MM. Foi, no entanto, instituído um mecanismo de limitação das responsabilidades, de modo a permitir determinar nas pensões pagas pela Segurança Social o que é imputável à Banca e o que é imputável a outros empregos – esse mecanismo é o previsto na cláusula 94ª do ACT do Setor Bancário, sendo a responsabilidade do Recorrente limitada ao que não é conferido pelo sistema público. Ou seja, vigora o princípio de não acumulação de benefícios da mesma natureza também se encontra previsto no artigo 67º n.º 1 da LBGSSS.

NN. Assim, ao regime substitutivo (mais vantajoso) do ACT do Setor Bancário devem deduzir-se os benefícios da mesma natureza atribuídos pela Segurança Social (cfr. cláusula 94ª do ACT do Setor Bancário), não se podendo deduzir o que resultar de esforço contributivo do trabalhador por trabalho prestado fora da Banca, o que impede o Recorrente de cumular o benefício previdencial previsto na indicada regulamentação coletiva com a mesma pensão de velhice da segurança social, tendo apenas a receber a diferença entre eles.

OO. Para aplicação da regra constante da cláusula 94ª n.º 1 do ACT do Setor Bancário é necessária uma operação técnica: a operação de cálculo da diferença do valor das prestações dos dois sistemas de segurança social que se sobrepõem.

PP. A cláusula 94ª é totalmente omissa relativamente à operação de cálculo da diferença do valor das prestações pois apesar de se estabelecer a regra da responsabilidade complementar das Instituições de Crédito, nada se estabelece sobre o modo de operacionalizar/calcular essa responsabilidade, existindo assim uma lacuna regulativa no ACT do Setor Bancário.

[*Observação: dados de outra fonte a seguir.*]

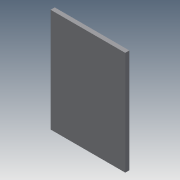
# Autodesk Inventor part: guardplate
Saved by Autodesk Inventor 2015 (Build 190159000, 159)
## iProperties
Created: 2014-08-31
Part Number: guardplate
Material: Generic
Document SubType Name: Modeling
Designer: shohei
Density: 1 g/cm^3
Appearance: Default
Author: shohei
Autodesk Inventor part; units mm, degrees
ref_plane "YZ Plane" through (0, 0, 0) normal (1, 0, 0) x (0, 1, 0)
ref_plane "XZ Plane" through (0, 0, 0) normal (0, 1, 0) x (-1, 0, 0)
ref_plane "XY Plane" through (0, 0, 0) normal (0, 0, 1) x (1, 0, 0)
sketch "Block1" plane through (0, 0, 0) normal (0, 0, 1) x (1, 0, 0)
  line L0 (0.22, -250.22) -> (-180.22, -250.22)
  line L1 (-180.22, -250.22) -> (-180.22, 0.22)
  line L2 (-180.22, 0.22) -> (0.22, 0.22)
  line L3 (0.22, 0.22) -> (0.22, -250.22)
  circle A0 centre (-10, -230) radius 2.72
  circle A1 centre (-10, -20) radius 2.72
  circle A2 centre (-170, -20) radius 2.72
  circle A3 centre (-170, -230) radius 2.72
  point P0 (-90, -125)
sketch "Sketch1" plane through (0, 0, 0) normal (0, 1, 0) x (-1, 0, 0)
  line L0 (0, 0) -> (180, 0)
  line L1 (180, 0) -> (180, 250)
  line L2 (180, 250) -> (0, 250)
  line L3 (0, 250) -> (0, 0)
  circle A0 centre (170, 230) radius 2.5
  line L4 (90, 267.688) -> (90, -13.7422)
  line L5 (215.5014, 125) -> (-35.5429, 125)
  circle A1 centre (10, 230) radius 2.5
  circle A2 centre (170, 20) radius 2.5
  circle A3 centre (10, 20) radius 2.5
  dimension "d1" = 250
  dimension "d2" = 180
  dimension "d5" = 5
  dimension "d6" = 10
  dimension "d7" = 20
  dimension "d8" = 90
  dimension "d9" = 125
  constraints: 12 end point, 4 centre point, 3 symmetric about line, 2 horizontal, 2 parallel, 1 perpendicular, 1 vertical, 3 other
  measures "d1" distance of L0.end L1.end
  measures "d2" distance of L1.end L2.end
  measures "d5" diameter of A0
  measures "d6" distance from line of L1 A0.centre
  measures "d7" distance from line of L2 A0.centre
  measures "d8" distance between parallel lines of L3 L4
  measures "d9" distance between parallel lines of L0 L5
extrude "Extrusion2" add sketch "Sketch1" along normal blind 10
sketch "Sketch2" plane through (0, 10, 0) normal (0, 1, 0) x (1, 0, 0)
  circle A0 centre (-10, -20) radius 2.5 projected
  circle A1 centre (-170, -20) radius 2.5 projected
  circle A2 centre (-10, -230) radius 2.5 projected
  circle A3 centre (-170, -230) radius 2.5 projected
  line L0 (0, 0) -> (-180, 0) projected
  line L1 (-180, 0) -> (-180, -250) projected
  line L2 (-180, -250) -> (0, -250) projected
  line L3 (0, -250) -> (0, 0) projected
  constraints: 3 perpendicular, 4 other
sketch "DXF" plane through (0, 0, 0) normal (0, 1, 0) x (-1, 0, 0)
  point P0 (0, 0)
body "Solid2"
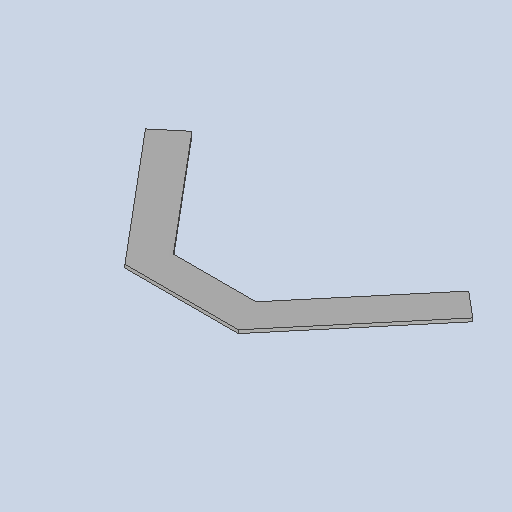
# Autodesk Inventor part: ДМФ 044 фланец лотка
Saved by Autodesk Inventor 2024.2 (Build 282272000, 272)
## iProperties
Created: 2024-05-14
Part Number: ДМФ 044 фланец лотка
Material: Generic
Document SubType Name: Sheet Metal
Designer: admin
Density: 1 g/cm^3
Sheet Metal Rule: Default_mm
Appearance: Default
Author: admin
Autodesk Inventor part; units mm, degrees
ref_plane "YZ Plane" through (0, 0, 0) normal (1, 0, 0) x (0, 1, 0)
ref_plane "XZ Plane" through (0, 0, 0) normal (0, 1, 0) x (-1, 0, 0)
ref_plane "XY Plane" through (0, 0, 0) normal (0, 0, 1) x (1, 0, 0)
sketch "Sketch1" plane through (0, 0, 0) normal (0, 0, 1) x (1, 0, 0)
  line L0 (-25, 0) -> (25, 0)
  line L1 (25, 0) -> (83.737, 70)
  line L2 (83.737, 70) -> (99.0579, 57.1442)
  line L3 (99.0579, 57.1442) -> (34.3262, -20)
  line L4 (34.3262, -20) -> (-34.3262, -20)
  line L5 (-34.3262, -20) -> (-99.0579, 57.1442)
  line L6 (-99.0579, 57.1442) -> (-83.737, 70)
  line L7 (-83.737, 70) -> (-25, 0)
  line L8 (0, 0) -> (0, -20) construction
  dimension "d0" = 50
  dimension "d1" = 70
  dimension "d2" = 130
  dimension "d3" = 20
  measures "d0" distance of L0.start L0.end
  measures "d1" distance from line of L0 L6.end
  measures "d2" angle of L0 L7
  measures "d3" distance of L5.end L6.end
extrude "Plate1" add sketch "Sketch1" along normal blind 2
equation "\"d0\" = Лоток_ширина_низ"
equation "\"d1\" = Лоток_высота - Лоток_глубина_выреза"
equation "\"d2\" = Лоток_угол"
equation "\"d4\" = Thickness"
equation "\"BendRadius\" = Thickness"
equation "\"BendReliefWidth\" = Thickness"
equation "\"BendReliefDepth\" = 0.5 * Thickness"
equation "\"CornerReliefSize\" = 4 * Thickness"
equation "\"MinimumRemnant\" = 2 * Thickness"
equation "\"TransitionRadius\" = BendRadius"
equation "\"JacobiRadiusSize\" = BendRadius"
equation "\"GapSize\" = Thickness"
equation "\"Лоток_ширина_низ\" = 50"
equation "\"Лоток_высота\" = 100"
equation "\"Лоток_глубина_выреза\" = 30"
equation "\"Лоток_угол\" = 130deg"
equation "\"Thickness\" = 2"
body "Solid1"

QQ. Assim, numa primeira linha, a questão a resolver nos presentes autos não se reconduz à interpretação da Cláusula 94ª do ACT do Setor Bancário, havendo sim que proceder à integração da lacuna do regime previdencial do ACT do Setor Bancário.

RR. Há, pois, que analisar a Cláusula 94ª n.º 1 segunda parte de acordo com os critérios de integração de lacunas da lei (estabelecidos no artigo 10º do Código Civil), não deixando, contudo, de ter em consideração os critérios de interpretação da Lei (conforme estabelecido no artigo 9º do Código Civil).

SS. Para a determinação do sentido da norma (artigo 9º do CC) deve atender-se ao elemento literal (exigindo-se que o sentido da norma tenha na letra da lei um mínimo de correspondência verbal ainda que imperfeitamente expresso – artigo 9º n.º 2), deve ponderar-se a intenção do legislador conjugando-a com o momento em que a norma é aplicada e deve ainda atender-se ao elemento sistemático.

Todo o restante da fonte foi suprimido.